Poi estendiamo l’ospitalità al di là di chi ci sta accanto. In questi giorni ascoltiamo la testimonianza di persone che vanno verso i più poveri. Queste persone ci dicono quanto esse siano felici di poterne aiutare altre, ma ci raccontano anche tutto quello che ricevono da loro.
Sì, quando andiamo verso chi è più povero di noi, anche a mani vuote, ci è donata la gioia. A Taizé abbiamo spesso vissuto questo e in particolare quest’anno con i rifugiati che abbiamo accolto. Stare accanto ad essi nel loro sconforto, ascoltare le loro storie ci ha portati ad amicizie sorprendenti.
Certo, l’arrivo di tanti rifugiati che vogliono entrare in Europa pone domande complesse e nessuno ha delle risposte facili. Ma sono convinto che non troveremo soluzioni senza contatti personali. Senza questi contatti, la paura, che è comprensibile, rischia di prendere il sopravvento.

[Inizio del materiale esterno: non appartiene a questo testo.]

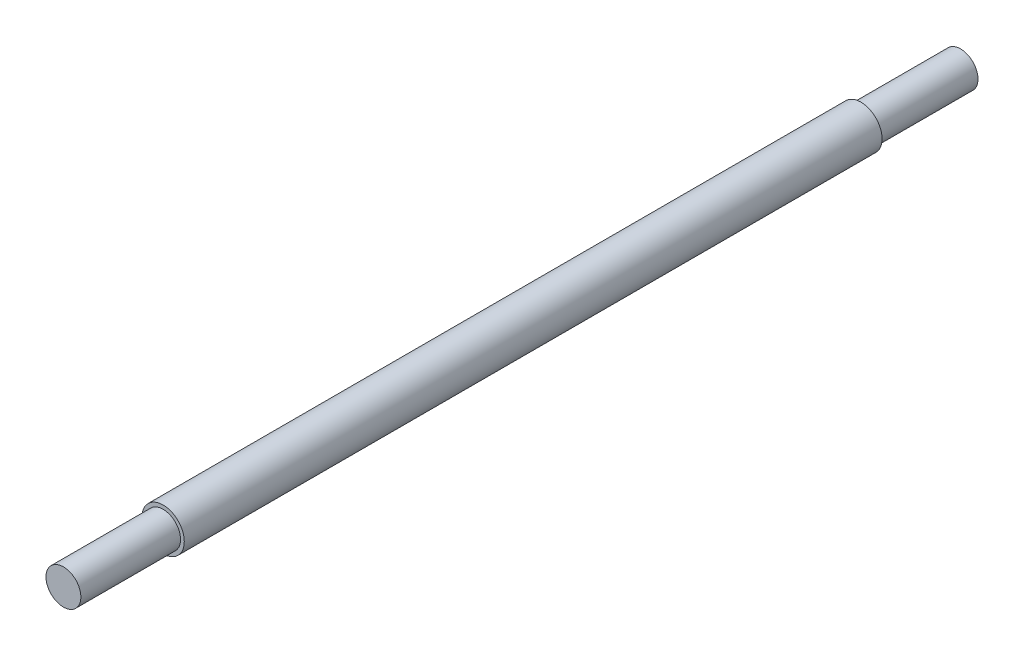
ISO-10303-21;
HEADER;
FILE_DESCRIPTION(('STEP AP214'),'2;1');
FILE_NAME('part.step','',(''),(''),'','','');
FILE_SCHEMA(('AUTOMOTIVE_DESIGN { 1 0 10303 214 1 1 1 1 }'));
ENDSEC;
DATA;
#1=APPLICATION_CONTEXT('core data for automotive mechanical design processes');
#2=APPLICATION_PROTOCOL_DEFINITION('international standard','automotive_design',2000,#1);
#3=PRODUCT_CONTEXT('',#1,'mechanical');
#4=PRODUCT('Part','Part','',(#3));
#5=PRODUCT_RELATED_PRODUCT_CATEGORY('part','',(#4));
#6=PRODUCT_DEFINITION_FORMATION('','',#4);
#7=PRODUCT_DEFINITION_CONTEXT('part definition',#1,'design');
#8=PRODUCT_DEFINITION('design','',#6,#7);
#9=PRODUCT_DEFINITION_SHAPE('','',#8);
#10=(LENGTH_UNIT() NAMED_UNIT(*) SI_UNIT(.MILLI.,.METRE.));
#11=(NAMED_UNIT(*) PLANE_ANGLE_UNIT() SI_UNIT($,.RADIAN.));
#12=(NAMED_UNIT(*) SI_UNIT($,.STERADIAN.) SOLID_ANGLE_UNIT());
#13=UNCERTAINTY_MEASURE_WITH_UNIT(LENGTH_MEASURE(1.E-05),#10,'distance_accuracy_value','');
#14=(GEOMETRIC_REPRESENTATION_CONTEXT(3) GLOBAL_UNCERTAINTY_ASSIGNED_CONTEXT((#13)) GLOBAL_UNIT_ASSIGNED_CONTEXT((#10,
#11,#12)) REPRESENTATION_CONTEXT('',''));
#15=CARTESIAN_POINT('',(0.,0.,0.));
#16=DIRECTION('',(0.,0.,1.));
#17=DIRECTION('',(1.,0.,0.));
#18=AXIS2_PLACEMENT_3D('',#15,#16,#17);
#19=CARTESIAN_POINT('',(0.,0.,700.));
#20=DIRECTION('',(0.,0.,1.));
#21=DIRECTION('',(1.,0.,0.));
#22=AXIS2_PLACEMENT_3D('',#19,#20,#21);
#23=PLANE('',#22);
#24=CARTESIAN_POINT('',(0.,0.,700.));
#25=DIRECTION('',(0.,0.,1.));
#26=DIRECTION('',(1.,0.,0.));
#27=AXIS2_PLACEMENT_3D('',#24,#25,#26);
#28=CIRCLE('',#27,42.5);
#29=CARTESIAN_POINT('',(42.5,0.,700.));
#30=VERTEX_POINT('',#29);
#31=EDGE_CURVE('E37',#30,#30,#28,.T.);
#32=ORIENTED_EDGE('',*,*,#31,.T.);
#33=EDGE_LOOP('',(#32));
#34=FACE_BOUND('',#33,.T.);
#35=CARTESIAN_POINT('',(0.,0.,700.));
#36=DIRECTION('',(0.,0.,1.));
#37=DIRECTION('',(1.,0.,0.));
#38=AXIS2_PLACEMENT_3D('',#35,#36,#37);
#39=CIRCLE('',#38,35.);
#40=CARTESIAN_POINT('',(35.,0.,700.));
#41=VERTEX_POINT('',#40);
#42=EDGE_CURVE('E46',#41,#41,#39,.F.);
#43=ORIENTED_EDGE('',*,*,#42,.T.);
#44=EDGE_LOOP('',(#43));
#45=FACE_BOUND('',#44,.T.);
#46=ADVANCED_FACE('F30',(#34,#45),#23,.T.);
#47=CARTESIAN_POINT('',(0.,0.,-700.));
#48=DIRECTION('',(0.,0.,1.));
#49=DIRECTION('',(1.,0.,0.));
#50=AXIS2_PLACEMENT_3D('',#47,#48,#49);
#51=PLANE('',#50);
#52=CARTESIAN_POINT('',(0.,0.,-700.));
#53=DIRECTION('',(0.,0.,1.));
#54=DIRECTION('',(1.,0.,0.));
#55=AXIS2_PLACEMENT_3D('',#52,#53,#54);
#56=CIRCLE('',#55,42.5);
#57=CARTESIAN_POINT('',(42.5,0.,-700.));
#58=VERTEX_POINT('',#57);
#59=EDGE_CURVE('E41',#58,#58,#56,.T.);
#60=ORIENTED_EDGE('',*,*,#59,.F.);
#61=EDGE_LOOP('',(#60));
#62=FACE_BOUND('',#61,.T.);
#63=CARTESIAN_POINT('',(0.,0.,-700.));
#64=DIRECTION('',(0.,0.,1.));
#65=DIRECTION('',(1.,0.,0.));
#66=AXIS2_PLACEMENT_3D('',#63,#64,#65);
#67=CIRCLE('',#66,35.);
#68=CARTESIAN_POINT('',(35.,0.,-700.));
#69=VERTEX_POINT('',#68);
#70=EDGE_CURVE('E10',#69,#69,#67,.F.);
#71=ORIENTED_EDGE('',*,*,#70,.F.);
#72=EDGE_LOOP('',(#71));
#73=FACE_BOUND('',#72,.T.);
#74=ADVANCED_FACE('F75',(#62,#73),#51,.F.);
#75=CARTESIAN_POINT('',(0.,0.,700.));
#76=DIRECTION('',(0.,0.,-1.));
#77=DIRECTION('',(-1.,0.,0.));
#78=AXIS2_PLACEMENT_3D('',#75,#76,#77);
#79=CYLINDRICAL_SURFACE('',#78,42.5);
#80=ORIENTED_EDGE('',*,*,#31,.F.);
#81=EDGE_LOOP('',(#80));
#82=FACE_BOUND('',#81,.T.);
#83=ORIENTED_EDGE('',*,*,#59,.T.);
#84=EDGE_LOOP('',(#83));
#85=FACE_BOUND('',#84,.T.);
#86=ADVANCED_FACE('F32',(#82,#85),#79,.T.);
#87=CARTESIAN_POINT('',(0.,0.,-900.));
#88=DIRECTION('',(0.,0.,1.));
#89=DIRECTION('',(1.,0.,0.));
#90=AXIS2_PLACEMENT_3D('',#87,#88,#89);
#91=PLANE('',#90);
#92=CARTESIAN_POINT('',(0.,0.,-900.));
#93=DIRECTION('',(0.,0.,1.));
#94=DIRECTION('',(1.,0.,0.));
#95=AXIS2_PLACEMENT_3D('',#92,#93,#94);
#96=CIRCLE('',#95,35.);
#97=CARTESIAN_POINT('',(35.,0.,-900.));
#98=VERTEX_POINT('',#97);
#99=EDGE_CURVE('E51',#98,#98,#96,.T.);
#100=ORIENTED_EDGE('',*,*,#99,.F.);
#101=EDGE_LOOP('',(#100));
#102=FACE_BOUND('',#101,.T.);
#103=ADVANCED_FACE('F69',(#102),#91,.F.);
#104=CARTESIAN_POINT('',(0.,0.,900.));
#105=DIRECTION('',(0.,0.,-1.));
#106=DIRECTION('',(-1.,0.,0.));
#107=AXIS2_PLACEMENT_3D('',#104,#105,#106);
#108=CYLINDRICAL_SURFACE('',#107,35.);
#109=ORIENTED_EDGE('',*,*,#99,.T.);
#110=EDGE_LOOP('',(#109));
#111=FACE_BOUND('',#110,.T.);
#112=ORIENTED_EDGE('',*,*,#70,.T.);
#113=EDGE_LOOP('',(#112));
#114=FACE_BOUND('',#113,.T.);
#115=ADVANCED_FACE('F61',(#111,#114),#108,.T.);
#116=ORIENTED_EDGE('',*,*,#42,.F.);
#117=EDGE_LOOP('',(#116));
#118=FACE_BOUND('',#117,.T.);
#119=CARTESIAN_POINT('',(0.,0.,900.));
#120=DIRECTION('',(0.,0.,1.));
#121=DIRECTION('',(1.,0.,0.));
#122=AXIS2_PLACEMENT_3D('',#119,#120,#121);
#123=CIRCLE('',#122,35.);
#124=CARTESIAN_POINT('',(35.,0.,900.));
#125=VERTEX_POINT('',#124);
#126=EDGE_CURVE('E50',#125,#125,#123,.T.);
#127=ORIENTED_EDGE('',*,*,#126,.F.);
#128=EDGE_LOOP('',(#127));
#129=FACE_BOUND('',#128,.T.);
#130=ADVANCED_FACE('F59',(#118,#129),#108,.T.);
#131=CARTESIAN_POINT('',(0.,0.,900.));
#132=DIRECTION('',(0.,0.,1.));
#133=DIRECTION('',(1.,0.,0.));
#134=AXIS2_PLACEMENT_3D('',#131,#132,#133);
#135=PLANE('',#134);
#136=ORIENTED_EDGE('',*,*,#126,.T.);
#137=EDGE_LOOP('',(#136));
#138=FACE_BOUND('',#137,.T.);
#139=ADVANCED_FACE('F57',(#138),#135,.T.);
#140=CLOSED_SHELL('',(#46,#74,#86,#103,#115,#130,#139));
#141=MANIFOLD_SOLID_BREP('B2',#140);
#142=ADVANCED_BREP_SHAPE_REPRESENTATION('',(#18,#141),#14);
#143=SHAPE_DEFINITION_REPRESENTATION(#9,#142);
ENDSEC;
END-ISO-10303-21;

D’altronde in tutti i nostri Paesi da molto tempo delle popolazioni di culture differenti vivono insieme. Anche qui creiamo dei contatti personali, dei ponti. Superiamo i pregiudizi. Anche con pochi mezzi, con quasi niente, possiamo incominciare. Andiamo verso gli altri, con grande semplicità. Accogliamo Cristo, anche noi, con amore. Offriamogli ospitalità. Egli ci guarda con fiducia. Allora la paura lascia il posto al coraggio. L’impossibile diventa possibile».